Saturday, November 06, 2010

Marya Hornbacher

I think writers return and return to places, maybe a little obsessively, in their work. I don’t know why they do. I don’t know why some writers are so deeply immersed in place, and keep trying to describe the place they’re in and bring the reader into it with them and show them what it’s like and make them feel the place for themselves. I’m one of these weirdly place-centric writers. It bothers me when I can’t find myself in a place in my work; it makes me feel like I leave the reader floating in midair, unable to see or sense their surroundings, and it makes me very uneasy. So I keep coming back to places. One of them is obviously northern Minnesota, and I’m not sure why; it just absorbs me and I want to take people here. Though I’m not from here originally, I spent long spells of my childhood here, driving north on Highway 10 through cornfields and fields of sugar beet, to visit relatives who were loud and a little scary but fascinating, the same relatives who morphed into characters in my novel—and now they’re doing it again.

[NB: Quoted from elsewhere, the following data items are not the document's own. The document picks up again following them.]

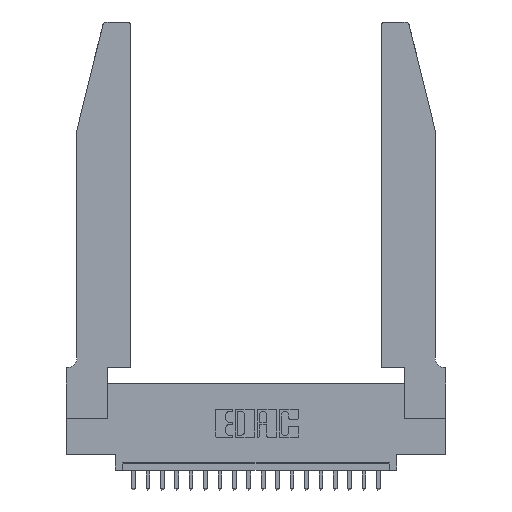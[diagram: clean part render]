
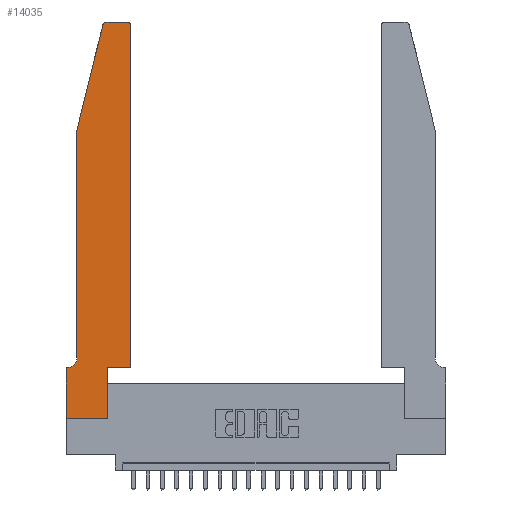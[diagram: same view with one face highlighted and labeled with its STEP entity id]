
A CAD part, top view. The second image highlights one B-rep face of the part: STEP entity #14035.
In plain terms, the highlighted planar face has unit normal (0, 0, 1).
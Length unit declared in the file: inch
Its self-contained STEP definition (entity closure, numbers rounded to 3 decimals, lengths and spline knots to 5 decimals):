
#150 = VERTEX_POINT ( 'NONE', #3158 ) ;
#378 = CARTESIAN_POINT ( 'NONE',  ( 0., 0., 0.37 ) ) ;
#388 = AXIS2_PLACEMENT_3D ( 'NONE', #6410, #19944, #12965 ) ;
#404 = VERTEX_POINT ( 'NONE', #1199 ) ;
#863 = DIRECTION ( 'NONE',  ( -1., 0., 0. ) ) ;
#1165 = LINE ( 'NONE', #7413, #15351 ) ;
#1199 = CARTESIAN_POINT ( 'NONE',  ( 0.25487, 2.72718, 0.37 ) ) ;
#1498 = VERTEX_POINT ( 'NONE', #12572 ) ;
#1550 = VERTEX_POINT ( 'NONE', #11248 ) ;
#1951 = EDGE_CURVE ( 'NONE', #150, #15944, #6328, .T. ) ;
#2256 = EDGE_CURVE ( 'NONE', #1498, #12166, #5822, .T. ) ;
#2539 = CIRCLE ( 'NONE', #16249, 0.03 ) ;
#2664 = DIRECTION ( 'NONE',  ( -1., 0., 0. ) ) ;
#3134 = CARTESIAN_POINT ( 'NONE',  ( 0.2865, 0., 0.37 ) ) ;
#3158 = CARTESIAN_POINT ( 'NONE',  ( 0.0755, 0.42, 0.37 ) ) ;
#3161 = CARTESIAN_POINT ( 'NONE',  ( 0.4505, 0.35, 0.37 ) ) ;
#3423 = DIRECTION ( 'NONE',  ( 0., 1., 0. ) ) ;
#3973 = DIRECTION ( 'NONE',  ( 0., 1., 0. ) ) ;
#4197 = VERTEX_POINT ( 'NONE', #13778 ) ;
#4303 = PLANE ( 'NONE',  #16320 ) ;
#4590 = VERTEX_POINT ( 'NONE', #8246 ) ;
#4596 = EDGE_CURVE ( 'NONE', #1550, #150, #16004, .T. ) ;
#4600 = LINE ( 'NONE', #3161, #20639 ) ;
#4696 = EDGE_LOOP ( 'NONE', ( #13682, #17615, #16482, #18126, #14326, #13669, #9880, #19805, #5662, #19919, #7811, #12443 ) ) ;
#5203 = LINE ( 'NONE', #5921, #19636 ) ;
#5378 = DIRECTION ( 'NONE',  ( 1., 0., 0. ) ) ;
#5662 = ORIENTED_EDGE ( 'NONE', *, *, #7696, .T. ) ;
#5822 = LINE ( 'NONE', #18886, #13185 ) ;
#5921 = CARTESIAN_POINT ( 'NONE',  ( 0.2605, 2.75, 0.37 ) ) ;
#6328 = CIRCLE ( 'NONE', #17832, 0.07 ) ;
#6410 = CARTESIAN_POINT ( 'NONE',  ( 0.284, 2.72, 0.37 ) ) ;
#6680 = VECTOR ( 'NONE', #3973, 39.37008 ) ;
#6788 = DIRECTION ( 'NONE',  ( 0., -1., 0. ) ) ;
#7171 = CARTESIAN_POINT ( 'NONE',  ( 0.4505, 0.35, 0.37 ) ) ;
#7272 = EDGE_CURVE ( 'NONE', #20779, #11202, #4600, .T. ) ;
#7413 = CARTESIAN_POINT ( 'NONE',  ( 0.0755, 0.35, 0.37 ) ) ;
#7421 = DIRECTION ( 'NONE',  ( 0., 0., -1. ) ) ;
#7562 = EDGE_CURVE ( 'NONE', #11202, #4197, #13277, .T. ) ;
#7578 = DIRECTION ( 'NONE',  ( 0., 0., 1. ) ) ;
#7696 = EDGE_CURVE ( 'NONE', #10893, #20779, #12731, .T. ) ;
#7788 = EDGE_CURVE ( 'NONE', #4590, #404, #11410, .T. ) ;
#7811 = ORIENTED_EDGE ( 'NONE', *, *, #7562, .T. ) ;
#8246 = CARTESIAN_POINT ( 'NONE',  ( 0.284, 2.75, 0.37 ) ) ;
#8333 = CARTESIAN_POINT ( 'NONE',  ( 0.0755, 2., 0.37 ) ) ;
#9270 = DIRECTION ( 'NONE',  ( 1., 0., 0. ) ) ;
#9790 = LINE ( 'NONE', #16785, #16121 ) ;
#9880 = ORIENTED_EDGE ( 'NONE', *, *, #2256, .T. ) ;
#9930 = VECTOR ( 'NONE', #6788, 39.37008 ) ;
#10200 = EDGE_CURVE ( 'NONE', #4197, #20260, #2539, .T. ) ;
#10612 = VECTOR ( 'NONE', #3423, 39.37008 ) ;
#10893 = VERTEX_POINT ( 'NONE', #3134 ) ;
#11077 = DIRECTION ( 'NONE',  ( -1., 0., 0. ) ) ;
#11202 = VERTEX_POINT ( 'NONE', #7171 ) ;
#11248 = CARTESIAN_POINT ( 'NONE',  ( 0.0755, 2., 0.37 ) ) ;
#11309 = EDGE_CURVE ( 'NONE', #20260, #4590, #5203, .T. ) ;
#11410 = CIRCLE ( 'NONE', #388, 0.03 ) ;
#12074 = DIRECTION ( 'NONE',  ( 0., 0., 1. ) ) ;
#12166 = VERTEX_POINT ( 'NONE', #378 ) ;
#12443 = ORIENTED_EDGE ( 'NONE', *, *, #10200, .T. ) ;
#12572 = CARTESIAN_POINT ( 'NONE',  ( 0., 0.35, 0.37 ) ) ;
#12582 = EDGE_CURVE ( 'NONE', #404, #1550, #20129, .T. ) ;
#12731 = LINE ( 'NONE', #13953, #6680 ) ;
#12965 = DIRECTION ( 'NONE',  ( 1., 0., 0. ) ) ;
#13081 = CARTESIAN_POINT ( 'NONE',  ( 0.0755, 2., 0.37 ) ) ;
#13185 = VECTOR ( 'NONE', #15936, 39.37008 ) ;
#13256 = FACE_OUTER_BOUND ( 'NONE', #4696, .T. ) ;
#13277 = LINE ( 'NONE', #13437, #10612 ) ;
#13437 = CARTESIAN_POINT ( 'NONE',  ( 0.4505, 0.35, 0.37 ) ) ;
#13669 = ORIENTED_EDGE ( 'NONE', *, *, #17883, .T. ) ;
#13682 = ORIENTED_EDGE ( 'NONE', *, *, #11309, .T. ) ;
#13778 = CARTESIAN_POINT ( 'NONE',  ( 0.4505, 2.72, 0.37 ) ) ;
#13953 = CARTESIAN_POINT ( 'NONE',  ( 0.2865, 0.35, 0.37 ) ) ;
#14035 = ADVANCED_FACE ( 'NONE', ( #13256 ), #4303, .T. ) ;
#14134 = CARTESIAN_POINT ( 'NONE',  ( 0.0055, 0.42, 0.37 ) ) ;
#14292 = EDGE_CURVE ( 'NONE', #12166, #10893, #9790, .T. ) ;
#14326 = ORIENTED_EDGE ( 'NONE', *, *, #1951, .T. ) ;
#15351 = VECTOR ( 'NONE', #11077, 39.37008 ) ;
#15908 = CARTESIAN_POINT ( 'NONE',  ( 0., 0.35, 0.37 ) ) ;
#15936 = DIRECTION ( 'NONE',  ( 0., -1., 0. ) ) ;
#15944 = VERTEX_POINT ( 'NONE', #18100 ) ;
#16004 = LINE ( 'NONE', #8333, #9930 ) ;
#16121 = VECTOR ( 'NONE', #21512, 39.37008 ) ;
#16249 = AXIS2_PLACEMENT_3D ( 'NONE', #20429, #12074, #5378 ) ;
#16320 = AXIS2_PLACEMENT_3D ( 'NONE', #15908, #7578, #9270 ) ;
#16482 = ORIENTED_EDGE ( 'NONE', *, *, #12582, .T. ) ;
#16689 = DIRECTION ( 'NONE',  ( -0.239, -0.971, 0. ) ) ;
#16785 = CARTESIAN_POINT ( 'NONE',  ( 0., 0., 0.37 ) ) ;
#16979 = VECTOR ( 'NONE', #16689, 39.37008 ) ;
#17163 = CARTESIAN_POINT ( 'NONE',  ( 0.2865, 0.35, 0.37 ) ) ;
#17615 = ORIENTED_EDGE ( 'NONE', *, *, #7788, .T. ) ;
#17832 = AXIS2_PLACEMENT_3D ( 'NONE', #14134, #7421, #863 ) ;
#17883 = EDGE_CURVE ( 'NONE', #15944, #1498, #1165, .T. ) ;
#18100 = CARTESIAN_POINT ( 'NONE',  ( 0.0055, 0.35, 0.37 ) ) ;
#18126 = ORIENTED_EDGE ( 'NONE', *, *, #4596, .T. ) ;
#18886 = CARTESIAN_POINT ( 'NONE',  ( 0., 0., 0.37 ) ) ;
#19636 = VECTOR ( 'NONE', #2664, 39.37008 ) ;
#19805 = ORIENTED_EDGE ( 'NONE', *, *, #14292, .T. ) ;
#19919 = ORIENTED_EDGE ( 'NONE', *, *, #7272, .T. ) ;
#19944 = DIRECTION ( 'NONE',  ( 0., 0., 1. ) ) ;
#20129 = LINE ( 'NONE', #13081, #16979 ) ;
#20260 = VERTEX_POINT ( 'NONE', #20302 ) ;
#20302 = CARTESIAN_POINT ( 'NONE',  ( 0.4205, 2.75, 0.37 ) ) ;
#20376 = DIRECTION ( 'NONE',  ( 1., 0., 0. ) ) ;
#20429 = CARTESIAN_POINT ( 'NONE',  ( 0.4205, 2.72, 0.37 ) ) ;
#20639 = VECTOR ( 'NONE', #20376, 39.37008 ) ;
#20779 = VERTEX_POINT ( 'NONE', #17163 ) ;
#21512 = DIRECTION ( 'NONE',  ( 1., 0., 0. ) ) ;

People ask me often if the characters in my fiction are me, or my family, or people I know. The answer is no; they are people who have taken on a life of their own, emerging mostly from names that pop into my head, names or features of people familiar to me, but who walk away from their starting point and take on form and substance totally unknown to me until they write themselves down. It’s an eerie process, and I don’t particularly like it; fiction is awfully amorphous and dictates itself according to its own interior logic. Not knowing how it will go until it goes there is a deeply unsettling process, and very uncertain, and it seems like you’re feeling around in the dark for a thing, and you don’t find it till it’s found.